「ここだ」

 ツェリウス王子がそう言って立ち止まったのは、再び一階に下り中庭の見える回廊を進んだ先の曲がり角。円柱形の出っ張り部分にその扉はあった。

(ここって、あの高い塔にあたる部分?)

 位置的におそらく間違いないだろう。

 その扉は王の寝室のものと比べると飾り気が無くとてもシンプルだった。

「ここが王族しか入れないっていう?」

 アルさんが訊くと王子は首を振った。

「ここは誰でも入れる。王族しか入れないのはこの中の一部分だ。クラヴィスはここで見張っていろ。誰も入れるなよ」

「はっ」

 クラヴィスさんはもう止めることはなかった。

 王子が扉を押し開けた途端、古い本独特の少し埃っぽい香りが鼻を掠めた。そして。

「わー!」

「すっげー!」

 私とアルさんの声が塔の中に綺麗に反響した。

 お城の中に入ってから何度もこうした声を出している気がするけれど、ここはまた別格だ。

 その円柱形の壁面は全て本棚になっていて、360度見回す限りぎっしりと書物が詰まっていた。

 更に驚くべきは中央の昇り階段。それは円を描き螺旋階段となって塔のてっぺんまで続いていた。

 その螺旋の中心を見上げていると、まるでその穴に吸い込まれ落ちてしまうような可笑しな錯覚に陥る。
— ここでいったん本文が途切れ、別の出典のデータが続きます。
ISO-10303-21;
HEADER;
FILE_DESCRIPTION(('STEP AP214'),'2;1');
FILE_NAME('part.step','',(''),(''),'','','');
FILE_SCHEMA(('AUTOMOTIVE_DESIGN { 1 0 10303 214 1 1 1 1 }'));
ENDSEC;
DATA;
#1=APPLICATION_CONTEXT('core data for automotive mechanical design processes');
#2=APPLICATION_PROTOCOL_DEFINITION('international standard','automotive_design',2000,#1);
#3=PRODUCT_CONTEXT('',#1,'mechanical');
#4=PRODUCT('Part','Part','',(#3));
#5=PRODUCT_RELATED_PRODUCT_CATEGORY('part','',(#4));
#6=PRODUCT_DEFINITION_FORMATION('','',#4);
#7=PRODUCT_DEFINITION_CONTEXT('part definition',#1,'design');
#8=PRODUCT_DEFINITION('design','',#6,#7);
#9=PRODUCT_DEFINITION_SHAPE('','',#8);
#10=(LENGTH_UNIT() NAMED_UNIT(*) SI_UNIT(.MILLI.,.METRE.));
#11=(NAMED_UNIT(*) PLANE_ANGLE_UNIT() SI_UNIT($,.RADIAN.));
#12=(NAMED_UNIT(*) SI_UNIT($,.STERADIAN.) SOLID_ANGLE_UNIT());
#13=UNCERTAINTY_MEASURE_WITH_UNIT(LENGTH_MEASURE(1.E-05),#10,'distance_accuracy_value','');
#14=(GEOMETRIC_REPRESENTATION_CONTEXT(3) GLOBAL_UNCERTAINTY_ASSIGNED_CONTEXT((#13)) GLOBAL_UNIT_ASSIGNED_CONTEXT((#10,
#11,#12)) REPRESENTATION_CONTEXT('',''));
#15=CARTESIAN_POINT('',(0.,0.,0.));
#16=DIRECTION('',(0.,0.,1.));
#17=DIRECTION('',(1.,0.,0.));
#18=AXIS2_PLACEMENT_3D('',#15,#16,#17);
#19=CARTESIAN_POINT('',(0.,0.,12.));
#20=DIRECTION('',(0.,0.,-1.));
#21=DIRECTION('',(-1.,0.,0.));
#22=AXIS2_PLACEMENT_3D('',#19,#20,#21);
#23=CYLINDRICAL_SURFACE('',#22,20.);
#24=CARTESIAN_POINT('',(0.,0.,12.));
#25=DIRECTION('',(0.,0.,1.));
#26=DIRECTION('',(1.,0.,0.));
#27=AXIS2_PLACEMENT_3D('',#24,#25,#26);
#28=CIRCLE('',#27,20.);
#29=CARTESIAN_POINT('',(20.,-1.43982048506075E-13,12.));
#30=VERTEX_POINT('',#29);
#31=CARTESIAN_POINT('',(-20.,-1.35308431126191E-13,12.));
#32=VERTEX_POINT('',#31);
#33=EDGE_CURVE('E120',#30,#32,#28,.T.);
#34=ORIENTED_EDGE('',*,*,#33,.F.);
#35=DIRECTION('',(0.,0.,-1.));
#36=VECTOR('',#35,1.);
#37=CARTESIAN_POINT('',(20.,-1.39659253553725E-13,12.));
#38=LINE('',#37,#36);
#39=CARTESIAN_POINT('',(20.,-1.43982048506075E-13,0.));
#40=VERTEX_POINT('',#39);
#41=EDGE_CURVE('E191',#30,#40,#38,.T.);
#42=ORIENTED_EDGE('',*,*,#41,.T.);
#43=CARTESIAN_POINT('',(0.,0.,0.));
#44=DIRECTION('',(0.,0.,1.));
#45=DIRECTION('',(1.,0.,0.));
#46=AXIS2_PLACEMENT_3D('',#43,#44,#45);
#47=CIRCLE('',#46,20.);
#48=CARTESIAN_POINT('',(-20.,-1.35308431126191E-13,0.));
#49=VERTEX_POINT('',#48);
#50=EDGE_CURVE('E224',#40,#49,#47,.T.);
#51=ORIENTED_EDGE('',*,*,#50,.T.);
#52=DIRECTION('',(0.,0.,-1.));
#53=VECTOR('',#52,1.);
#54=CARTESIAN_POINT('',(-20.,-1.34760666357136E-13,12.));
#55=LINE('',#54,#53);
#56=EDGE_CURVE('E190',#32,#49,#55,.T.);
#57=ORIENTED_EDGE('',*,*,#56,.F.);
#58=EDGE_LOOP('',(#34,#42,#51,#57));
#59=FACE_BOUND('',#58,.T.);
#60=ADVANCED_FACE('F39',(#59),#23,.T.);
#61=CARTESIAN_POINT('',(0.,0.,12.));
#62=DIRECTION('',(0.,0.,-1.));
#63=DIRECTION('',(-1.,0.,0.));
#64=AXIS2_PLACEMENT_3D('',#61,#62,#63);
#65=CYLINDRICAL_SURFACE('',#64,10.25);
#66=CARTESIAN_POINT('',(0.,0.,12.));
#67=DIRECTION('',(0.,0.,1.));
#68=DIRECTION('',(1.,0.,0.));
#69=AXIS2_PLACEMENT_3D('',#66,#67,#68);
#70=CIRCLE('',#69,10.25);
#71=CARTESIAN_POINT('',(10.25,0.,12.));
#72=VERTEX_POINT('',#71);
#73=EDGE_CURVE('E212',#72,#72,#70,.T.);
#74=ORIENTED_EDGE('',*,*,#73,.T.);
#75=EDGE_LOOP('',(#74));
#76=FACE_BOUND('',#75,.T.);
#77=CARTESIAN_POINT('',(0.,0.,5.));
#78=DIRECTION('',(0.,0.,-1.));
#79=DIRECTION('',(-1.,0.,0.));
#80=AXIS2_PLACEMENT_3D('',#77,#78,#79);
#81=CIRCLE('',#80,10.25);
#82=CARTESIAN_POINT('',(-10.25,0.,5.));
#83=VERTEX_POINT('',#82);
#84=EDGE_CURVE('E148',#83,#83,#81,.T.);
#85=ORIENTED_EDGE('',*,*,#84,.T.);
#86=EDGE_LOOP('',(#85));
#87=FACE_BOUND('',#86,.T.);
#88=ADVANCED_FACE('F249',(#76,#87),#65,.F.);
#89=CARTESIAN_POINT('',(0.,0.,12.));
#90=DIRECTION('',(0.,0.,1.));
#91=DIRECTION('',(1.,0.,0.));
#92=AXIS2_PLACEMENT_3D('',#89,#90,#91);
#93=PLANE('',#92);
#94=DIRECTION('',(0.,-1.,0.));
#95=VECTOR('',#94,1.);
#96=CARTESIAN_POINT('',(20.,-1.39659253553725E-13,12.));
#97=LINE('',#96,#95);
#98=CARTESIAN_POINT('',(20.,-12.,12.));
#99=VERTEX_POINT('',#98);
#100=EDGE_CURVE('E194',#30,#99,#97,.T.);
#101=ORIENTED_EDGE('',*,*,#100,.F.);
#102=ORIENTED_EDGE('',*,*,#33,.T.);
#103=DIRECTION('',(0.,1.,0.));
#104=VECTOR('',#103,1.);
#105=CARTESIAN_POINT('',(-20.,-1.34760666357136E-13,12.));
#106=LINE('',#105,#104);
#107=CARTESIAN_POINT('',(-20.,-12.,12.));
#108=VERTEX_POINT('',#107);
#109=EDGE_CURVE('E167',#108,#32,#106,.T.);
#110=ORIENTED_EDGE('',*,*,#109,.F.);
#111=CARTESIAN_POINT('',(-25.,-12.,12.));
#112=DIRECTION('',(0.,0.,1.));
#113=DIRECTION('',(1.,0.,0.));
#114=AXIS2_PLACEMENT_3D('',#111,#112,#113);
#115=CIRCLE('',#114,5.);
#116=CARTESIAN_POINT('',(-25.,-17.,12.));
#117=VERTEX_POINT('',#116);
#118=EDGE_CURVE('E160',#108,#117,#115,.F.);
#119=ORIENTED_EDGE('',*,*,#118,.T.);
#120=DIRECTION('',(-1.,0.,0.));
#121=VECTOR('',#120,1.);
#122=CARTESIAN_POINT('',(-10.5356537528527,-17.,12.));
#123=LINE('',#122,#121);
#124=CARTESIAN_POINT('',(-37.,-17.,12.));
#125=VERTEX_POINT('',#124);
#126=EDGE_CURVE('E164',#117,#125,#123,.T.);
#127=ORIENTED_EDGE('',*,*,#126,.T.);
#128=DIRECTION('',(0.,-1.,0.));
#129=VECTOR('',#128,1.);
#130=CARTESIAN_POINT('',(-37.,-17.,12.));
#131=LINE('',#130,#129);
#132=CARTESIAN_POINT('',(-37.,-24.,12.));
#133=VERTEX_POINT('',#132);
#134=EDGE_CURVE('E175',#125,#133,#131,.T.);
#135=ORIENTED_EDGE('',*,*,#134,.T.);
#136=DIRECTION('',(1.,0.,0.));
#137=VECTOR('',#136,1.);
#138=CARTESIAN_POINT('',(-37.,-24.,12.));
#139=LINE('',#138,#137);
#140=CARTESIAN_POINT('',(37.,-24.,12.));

 日本に良くある普通の図書館を想像していた私は、その美しさと本の数にただただ圧倒されてしまった。

「何代か前の王が集めたんだそうだ」

 口をぽかんと開けたまま視線を廻らしていると、王子がぽつりと言った。

「そして元はただの見張塔だったここを書庫に作り変えたらしい」

「へぇ〜。よくもまぁこんなに集まったもんだなぁ」

 本当に。

 世界中の本をここに集めたような量だ。

「まぁ、お蔭でここにいると飽きないからな。僕は大抵ここで時間を潰していた」

 そう続けた王子は少し寂しそうに見えた。

「で、例の書庫はどこなんだ」

 そんな中急かすように訊いたのは勿論ラグ。

 ――ここに来る途中、控えの間に寄って声を掛けると彼はすぐさまソファから立ち上がり私たちについてきた。

(目的の書庫にいよいよ入れるんだもんね……)

 先ほどの控えの間での会話を思い出してしまい慌てて打ち消す。今はそんなことを考えている場合じゃない。

 ラグの問いに、王子は真上を指さした。

「ここの一番上だ。上るぞ」

 私たちは王子に続き螺旋階段を上り始めた。



 王子の言う一番上までは結構な段数があり、最後の一段を上り終えたときには息が上がってしまっていた。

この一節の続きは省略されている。